**WHAT THE EXERCISE ASKS**
Please return each entry that follows exactly as written, and keep the pictures out.

[Items from a dataset]

- - - - - - -

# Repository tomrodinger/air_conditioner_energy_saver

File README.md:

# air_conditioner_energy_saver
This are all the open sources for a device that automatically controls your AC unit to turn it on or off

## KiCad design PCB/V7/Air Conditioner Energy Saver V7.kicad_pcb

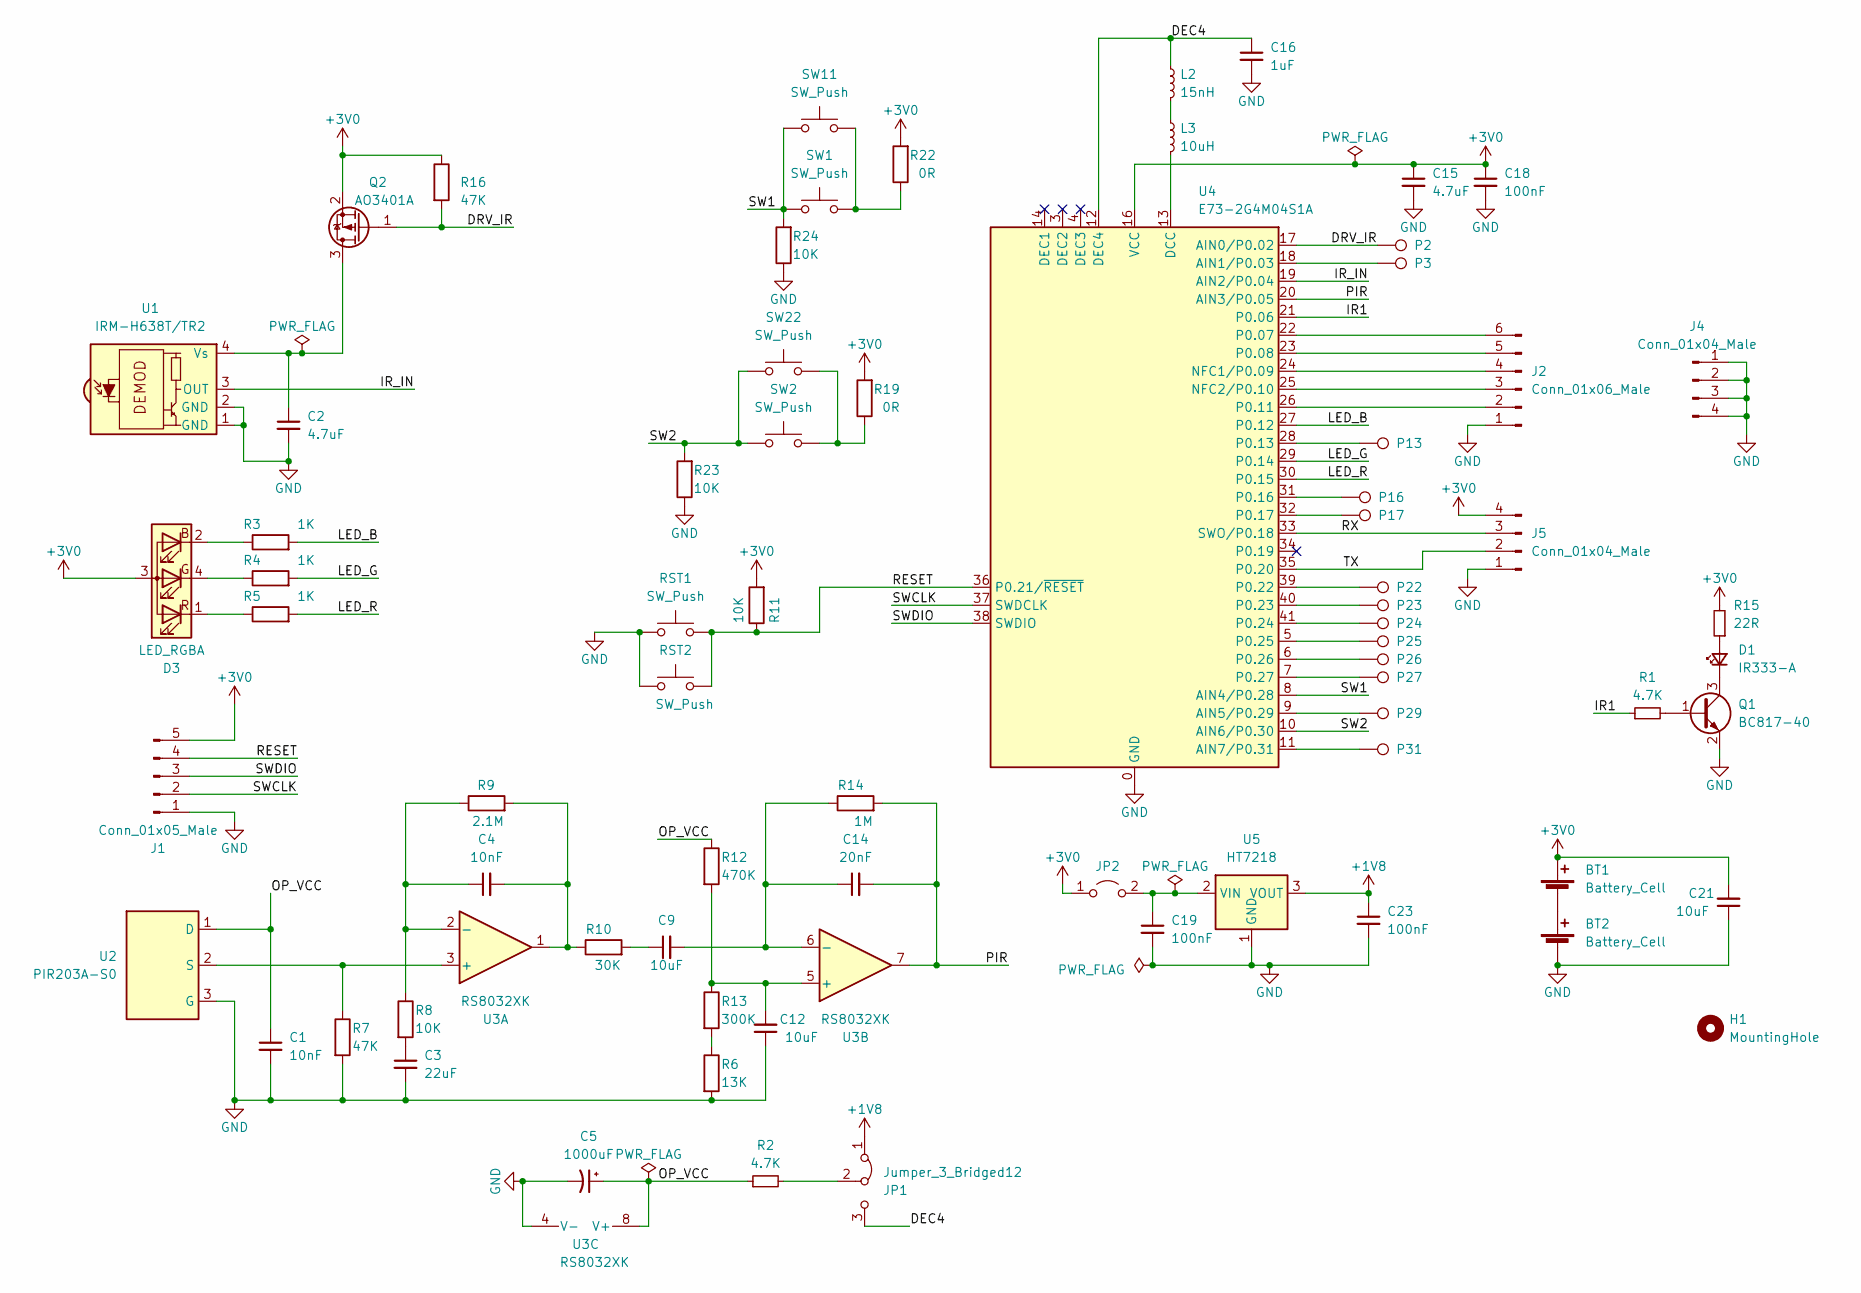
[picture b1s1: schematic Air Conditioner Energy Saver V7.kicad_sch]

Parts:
BT1, BT2: Battery_Cell; AA Batt
C1, C4: 10nF; C_0402_1005Metric; MPN CL05B103KB5NNNC; LCSC C15195
C2: 4.7uF; C_0603_1608Metric; MPN CL10A475KO8NNNC; LCSC C19666
C3: 22uF; C_1206_3216Metric; MPN CL31A226KAHNNNE; LCSC C12891
C5: 1000uF; CP_Elec_8x10.5; MPN RVT1A102M0810; LCSC C99833
C9, C12, C21: 10uF; C_1206_3216Metric; MPN CL31A106KBHNNNE; LCSC C13585
C14: 20nF; C_0603_1608Metric; MPN CC0603KRX7R9BB203; LCSC C282065
C15: 4.7uF; C_0805_2012Metric; MPN CL21A475KAQNNNE; LCSC C1779
C16: 1uF; C_0603_1608Metric; MPN CL10A105KB8NNNC; LCSC C15849
C18, C19, C23: 100nF; C_0402_1005Metric; MPN CL05B104KB54PNC; LCSC C307331
D1: IR333-A; LED_D5.0mm_Horizontal_O3.81mm_Z3.0mm; MPN IR333-A; LCSC C264290
D3: LED_RGBA; FM-B2020RGBA-HG; MPN FM-B2020RGBA-HG; LCSC PN C108793
H1: MountingHole; Mounting Hole 2.3mm
J1: Conn_01x05_Male; PinHeader_1x05_P2.54mm_Vertical; MPN PZ254V-11-05P; LCSC C492404
J2: Conn_01x06_Male; PinHeader_1x06_P2.54mm_Vertical; MPN PZ254V-11-06P; LCSC C492405
J4, J5: Conn_01x04_Male; PinHeader_1x04_P2.54mm_Vertical; MPN PZ254V-11-04P; LCSC C2691448
JP1: Jumper_3_Bridged12; PinHeader_1x03_P2.54mm_Vertical; MPN PZ254V-11-03P; LCSC C2937625
JP2: Jumper_2_Open; TestPoint_2Pads_Pitch2.54mm_Drill0.8mm
L2: 15nH; L_0402_1005Metric; MPN SDCL1005C15NJTDF; LCSC C27143
L3: 10uH; L_0603_1608Metric; MPN SDFL1608S100KTF; LCSC C1035
P2, P3, P13, P16, P17, P22, P23, P24, P25, P26, P27, P29, P31: TestPoint; TestPoint_Pad_1.5x1.5mm
Q1: BC817-40; SOT-23; MPN BC817-40; LCSC PN C85078
Q2: AO3401A; SOT-23; MPN AO3401A; LCSC PN C15127
R1: 4.7K; R_0402_1005Metric; MPN 0402WGF4701TCE; LCSC C25900
R2: 4.7K; R_0603_1608Metric; MPN 0603WAF4701T5E; LCSC C23162
R3, R4, R5: 1K; R_0402_1005Metric; MPN 0402WGF1001TCE; LCSC PN C11702
R6: 13K; R_0402_1005Metric; MPN 0402WGJ0133TCE; LCSC PN C25537
R7, R16: 47K; R_0402_1005Metric; MPN 0402WGF4702TCE; LCSC C25792
R8, R11, R23, R24: 10K; R_0402_1005Metric; MPN 0402WGF1002TCE; LCSC C25744
R9: 2.1M; R_0603_1608Metric; MPN RC0603FR-072M1L; LCSC C482785
R10: 30K; R_0402_1005Metric; MPN RC0402FR-0730KL; LCSC C138008
R12: 470K; R_0402_1005Metric; MPN 0402WGF4703TCE; LCSC PN C25790
R13: 300K; R_0402_1005Metric; MPN 0402WGF3003TCE; LCSC PN C25774
R14: 1M; R_0402_1005Metric; MPN 0402WGF1004TCE; LCSC C26083
R15: 22R; R_0603_1608Metric; MPN 0603WAF220JT5E; LCSC C23345
R19, R22: 0R; R_0402_1005Metric; MPN 0402WGF0000TCE; LCSC C17168
RST1, RST2: SW_Push; SW_SPST_EVQPE1; MPN TS-1088-AR02016; LCSC PN C720477
SW1, SW2, SW11, SW22: SW_Push; SW_SPST_EVQPE1; MPN TS-1088-AR02016; LCSC PN C720477
U1: IRM-H638T/TR2; IRM-H638; MPN IRM-H638T/TR2; LCSC C91447
U2: PIR203A-S0; TO-39-3; MPN PIR203A-S0; LCSC C2887899
U3: RS8032XK; SOIC-8_3.9x4.9mm_P1.27mm; MPN RS8032XK; LCSC C237005
U4: E73-2G4M04S1A; E73-2G4M04S; MPN E73-2G4M04S1B; LCSC C411305
U5: HT7218; SOT-89-3; MPN HT7218; LCSC C259572

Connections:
+1V8: C23.1, JP1.1 (A), U5.3 (VOUT)
+3V0: BT1.1 (+), C15.1, C18.1, C21.2, D3.3 (A), J1.5, J5.4, JP2.1 (A), Q2.2 (S), R11.2, R15.2, R16.1, R19.2, R22.2, U4.16 (VCC)
/DEC4: C16.1, JP1.3 (B), L2.1, U4.12 (DEC4)
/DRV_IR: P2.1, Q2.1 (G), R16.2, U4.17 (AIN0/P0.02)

- - - - - - -

**ANSWER AREA**
# Repository tomrodinger/air_conditioner_energy_saver

File README.md:

# air_conditioner_energy_saver
This are all the open sources for a device that automatically controls your AC unit to turn it on or off

## KiCad design PCB/V7/Air Conditioner Energy Saver V7.kicad_pcb

[picture b1s1: schematic Air Conditioner Energy Saver V7.kicad_sch]

Parts:
BT1, BT2: Battery_Cell; AA Batt
C1, C4: 10nF; C_0402_1005Metric; MPN CL05B103KB5NNNC; LCSC C15195
C2: 4.7uF; C_0603_1608Metric; MPN CL10A475KO8NNNC; LCSC C19666
C3: 22uF; C_1206_3216Metric; MPN CL31A226KAHNNNE; LCSC C12891
C5: 1000uF; CP_Elec_8x10.5; MPN RVT1A102M0810; LCSC C99833
C9, C12, C21: 10uF; C_1206_3216Metric; MPN CL31A106KBHNNNE; LCSC C13585
C14: 20nF; C_0603_1608Metric; MPN CC0603KRX7R9BB203; LCSC C282065
C15: 4.7uF; C_0805_2012Metric; MPN CL21A475KAQNNNE; LCSC C1779
C16: 1uF; C_0603_1608Metric; MPN CL10A105KB8NNNC; LCSC C15849
C18, C19, C23: 100nF; C_0402_1005Metric; MPN CL05B104KB54PNC; LCSC C307331
D1: IR333-A; LED_D5.0mm_Horizontal_O3.81mm_Z3.0mm; MPN IR333-A; LCSC C264290
D3: LED_RGBA; FM-B2020RGBA-HG; MPN FM-B2020RGBA-HG; LCSC PN C108793
H1: MountingHole; Mounting Hole 2.3mm
J1: Conn_01x05_Male; PinHeader_1x05_P2.54mm_Vertical; MPN PZ254V-11-05P; LCSC C492404
J2: Conn_01x06_Male; PinHeader_1x06_P2.54mm_Vertical; MPN PZ254V-11-06P; LCSC C492405
J4, J5: Conn_01x04_Male; PinHeader_1x04_P2.54mm_Vertical; MPN PZ254V-11-04P; LCSC C2691448
JP1: Jumper_3_Bridged12; PinHeader_1x03_P2.54mm_Vertical; MPN PZ254V-11-03P; LCSC C2937625
JP2: Jumper_2_Open; TestPoint_2Pads_Pitch2.54mm_Drill0.8mm
L2: 15nH; L_0402_1005Metric; MPN SDCL1005C15NJTDF; LCSC C27143
L3: 10uH; L_0603_1608Metric; MPN SDFL1608S100KTF; LCSC C1035
P2, P3, P13, P16, P17, P22, P23, P24, P25, P26, P27, P29, P31: TestPoint; TestPoint_Pad_1.5x1.5mm
Q1: BC817-40; SOT-23; MPN BC817-40; LCSC PN C85078
Q2: AO3401A; SOT-23; MPN AO3401A; LCSC PN C15127
R1: 4.7K; R_0402_1005Metric; MPN 0402WGF4701TCE; LCSC C25900
R2: 4.7K; R_0603_1608Metric; MPN 0603WAF4701T5E; LCSC C23162
R3, R4, R5: 1K; R_0402_1005Metric; MPN 0402WGF1001TCE; LCSC PN C11702
R6: 13K; R_0402_1005Metric; MPN 0402WGJ0133TCE; LCSC PN C25537
R7, R16: 47K; R_0402_1005Metric; MPN 0402WGF4702TCE; LCSC C25792
R8, R11, R23, R24: 10K; R_0402_1005Metric; MPN 0402WGF1002TCE; LCSC C25744
R9: 2.1M; R_0603_1608Metric; MPN RC0603FR-072M1L; LCSC C482785
R10: 30K; R_0402_1005Metric; MPN RC0402FR-0730KL; LCSC C138008
R12: 470K; R_0402_1005Metric; MPN 0402WGF4703TCE; LCSC PN C25790
R13: 300K; R_0402_1005Metric; MPN 0402WGF3003TCE; LCSC PN C25774
R14: 1M; R_0402_1005Metric; MPN 0402WGF1004TCE; LCSC C26083
R15: 22R; R_0603_1608Metric; MPN 0603WAF220JT5E; LCSC C23345
R19, R22: 0R; R_0402_1005Metric; MPN 0402WGF0000TCE; LCSC C17168
RST1, RST2: SW_Push; SW_SPST_EVQPE1; MPN TS-1088-AR02016; LCSC PN C720477
SW1, SW2, SW11, SW22: SW_Push; SW_SPST_EVQPE1; MPN TS-1088-AR02016; LCSC PN C720477
U1: IRM-H638T/TR2; IRM-H638; MPN IRM-H638T/TR2; LCSC C91447
U2: PIR203A-S0; TO-39-3; MPN PIR203A-S0; LCSC C2887899
U3: RS8032XK; SOIC-8_3.9x4.9mm_P1.27mm; MPN RS8032XK; LCSC C237005
U4: E73-2G4M04S1A; E73-2G4M04S; MPN E73-2G4M04S1B; LCSC C411305
U5: HT7218; SOT-89-3; MPN HT7218; LCSC C259572

Connections:
+1V8: C23.1, JP1.1 (A), U5.3 (VOUT)
+3V0: BT1.1 (+), C15.1, C18.1, C21.2, D3.3 (A), J1.5, J5.4, JP2.1 (A), Q2.2 (S), R11.2, R15.2, R16.1, R19.2, R22.2, U4.16 (VCC)
/DEC4: C16.1, JP1.3 (B), L2.1, U4.12 (DEC4)
/DRV_IR: P2.1, Q2.1 (G), R16.2, U4.17 (AIN0/P0.02)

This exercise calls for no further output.